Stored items
^^^^^^^^^^^^^^^^
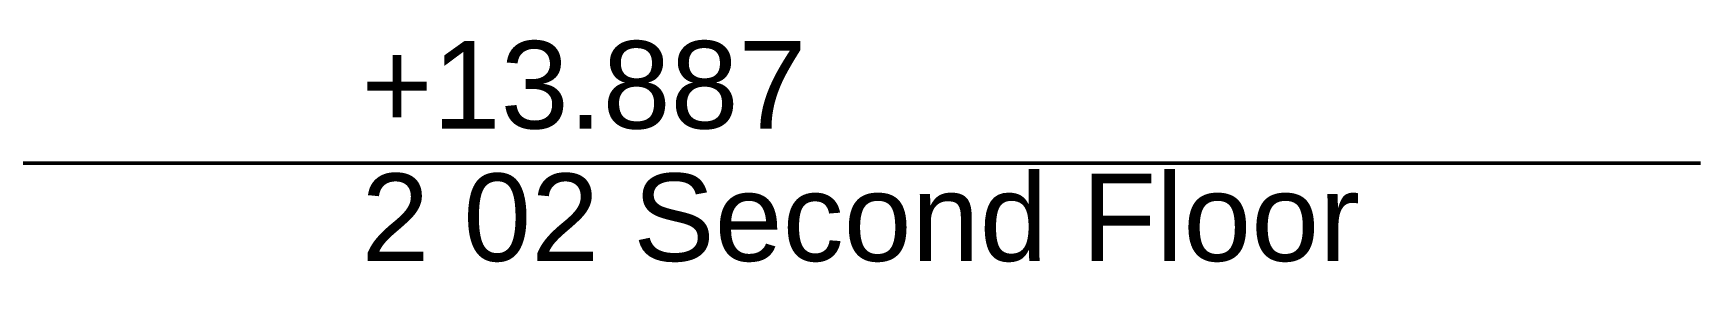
# Model space of a CAD drawing. Header units: millimetres. Extents: x -46169 to 228156, y -86316 to 18123.
# Drawn here: x 223916 to 227728, y -74726 to -74133 of the extents above; entities that cross this region are included whole.
import ezdxf

# ---------------------------------------------------------------- set-up
doc = ezdxf.new("R2010")
doc.units = ezdxf.units.MM
doc.header["$MEASUREMENT"] = 0
doc.linetypes.add('Wipeout_Contour', pattern=[1000, 0, -1000])
doc.layers.add('0_Pen_No__25', color=7, linetype='Continuous', lineweight=50, true_color=0x2a2a2a)
doc.layers.add('0_Pen_No__6', color=7, linetype='Continuous', lineweight=35)
doc.styles.add('GENERATED_STYLE_1', font='')
doc.styles.get('GENERATED_STYLE_1').set_extended_font_data('Swis721 BT')

# ---------------------------------------------------------------- blocks, each defined once
blk = doc.blocks.new('A03 Atria and Internal Elevatio_STORY_MARKER', base_point=(223698.6, -82529.3))
at = {"layer": '0_Pen_No__25', "linetype": 'Continuous'}
blk.add_line((223865.7, -74429.3), (223965.7, -74429.3), dxfattribs=at)
at = {"color": 254, "linetype": 'Wipeout_Contour', "lineweight": 0, "ltscale": 951373.198351}
blk.add_wipeout([(227727.7, -74132.8), (224065.7, -74132.8), (224065.7, -74725.7), (227727.7, -74725.7)], dxfattribs=at)
at = {"layer": '0_Pen_No__25', "linetype": 'Continuous'}
for p, q in [((223965.7, -74429.3), (224065.7, -74429.3)), ((224265.7, -74429.3), (224065.7, -74429.3)), ((224265.7, -74429.3), (224665.7, -74429.3)), ((227727.7, -74429.3), (224665.7, -74429.3))]:
    blk.add_line(p, q, dxfattribs=at)
at = {"layer": '0_Pen_No__6', "char_height": 200, "attachment_point": 1, "style": 'GENERATED_STYLE_1'}
for s, insert in [('\\A1;{\\fSwis721 BT|b0|i0|c0|p34;+13.887}', (224665.7, -74150.4)), ('\\A1;{\\fSwis721 BT|b0|i0|c0|p34;2 02 Second Floor}', (224665.7, -74453.4))]:
    blk.add_mtext(s, dxfattribs=dict(at, insert=insert))

msp = doc.modelspace()

# ---------------------------------------------------------------- block references
at = {"linetype": 'Continuous', "lineweight": 0}
msp.add_blockref('A03 Atria and Internal Elevatio_STORY_MARKER', (223698.6, -82529.3), dxfattribs=at)

doc.saveas('drawing.dxf')
^^^^^^^^^^^^^^^^
• _EXERCISE REQUIREMENTS_
Return every line of the records exactly as given, pictures excluded.

• _FINAL ANSWER_
# Model space of a CAD drawing. Header units: millimetres. Extents: x -46169 to 228156, y -86316 to 18123.
# Drawn here: x 223916 to 227728, y -74726 to -74133 of the extents above; entities that cross this region are included whole.
import ezdxf

# ---------------------------------------------------------------- set-up
doc = ezdxf.new("R2010")
doc.units = ezdxf.units.MM
doc.header["$MEASUREMENT"] = 0
doc.linetypes.add('Wipeout_Contour', pattern=[1000, 0, -1000])
doc.layers.add('0_Pen_No__25', color=7, linetype='Continuous', lineweight=50, true_color=0x2a2a2a)
doc.layers.add('0_Pen_No__6', color=7, linetype='Continuous', lineweight=35)
doc.styles.add('GENERATED_STYLE_1', font='')
doc.styles.get('GENERATED_STYLE_1').set_extended_font_data('Swis721 BT')

# ---------------------------------------------------------------- blocks, each defined once
blk = doc.blocks.new('A03 Atria and Internal Elevatio_STORY_MARKER', base_point=(223698.6, -82529.3))
at = {"layer": '0_Pen_No__25', "linetype": 'Continuous'}
blk.add_line((223865.7, -74429.3), (223965.7, -74429.3), dxfattribs=at)
at = {"color": 254, "linetype": 'Wipeout_Contour', "lineweight": 0, "ltscale": 951373.198351}
blk.add_wipeout([(227727.7, -74132.8), (224065.7, -74132.8), (224065.7, -74725.7), (227727.7, -74725.7)], dxfattribs=at)
at = {"layer": '0_Pen_No__25', "linetype": 'Continuous'}
for p, q in [((223965.7, -74429.3), (224065.7, -74429.3)), ((224265.7, -74429.3), (224065.7, -74429.3)), ((224265.7, -74429.3), (224665.7, -74429.3)), ((227727.7, -74429.3), (224665.7, -74429.3))]:
    blk.add_line(p, q, dxfattribs=at)
at = {"layer": '0_Pen_No__6', "char_height": 200, "attachment_point": 1, "style": 'GENERATED_STYLE_1'}
for s, insert in [('\\A1;{\\fSwis721 BT|b0|i0|c0|p34;+13.887}', (224665.7, -74150.4)), ('\\A1;{\\fSwis721 BT|b0|i0|c0|p34;2 02 Second Floor}', (224665.7, -74453.4))]:
    blk.add_mtext(s, dxfattribs=dict(at, insert=insert))

msp = doc.modelspace()

# ---------------------------------------------------------------- block references
at = {"linetype": 'Continuous', "lineweight": 0}
msp.add_blockref('A03 Atria and Internal Elevatio_STORY_MARKER', (223698.6, -82529.3), dxfattribs=at)

doc.saveas('drawing.dxf')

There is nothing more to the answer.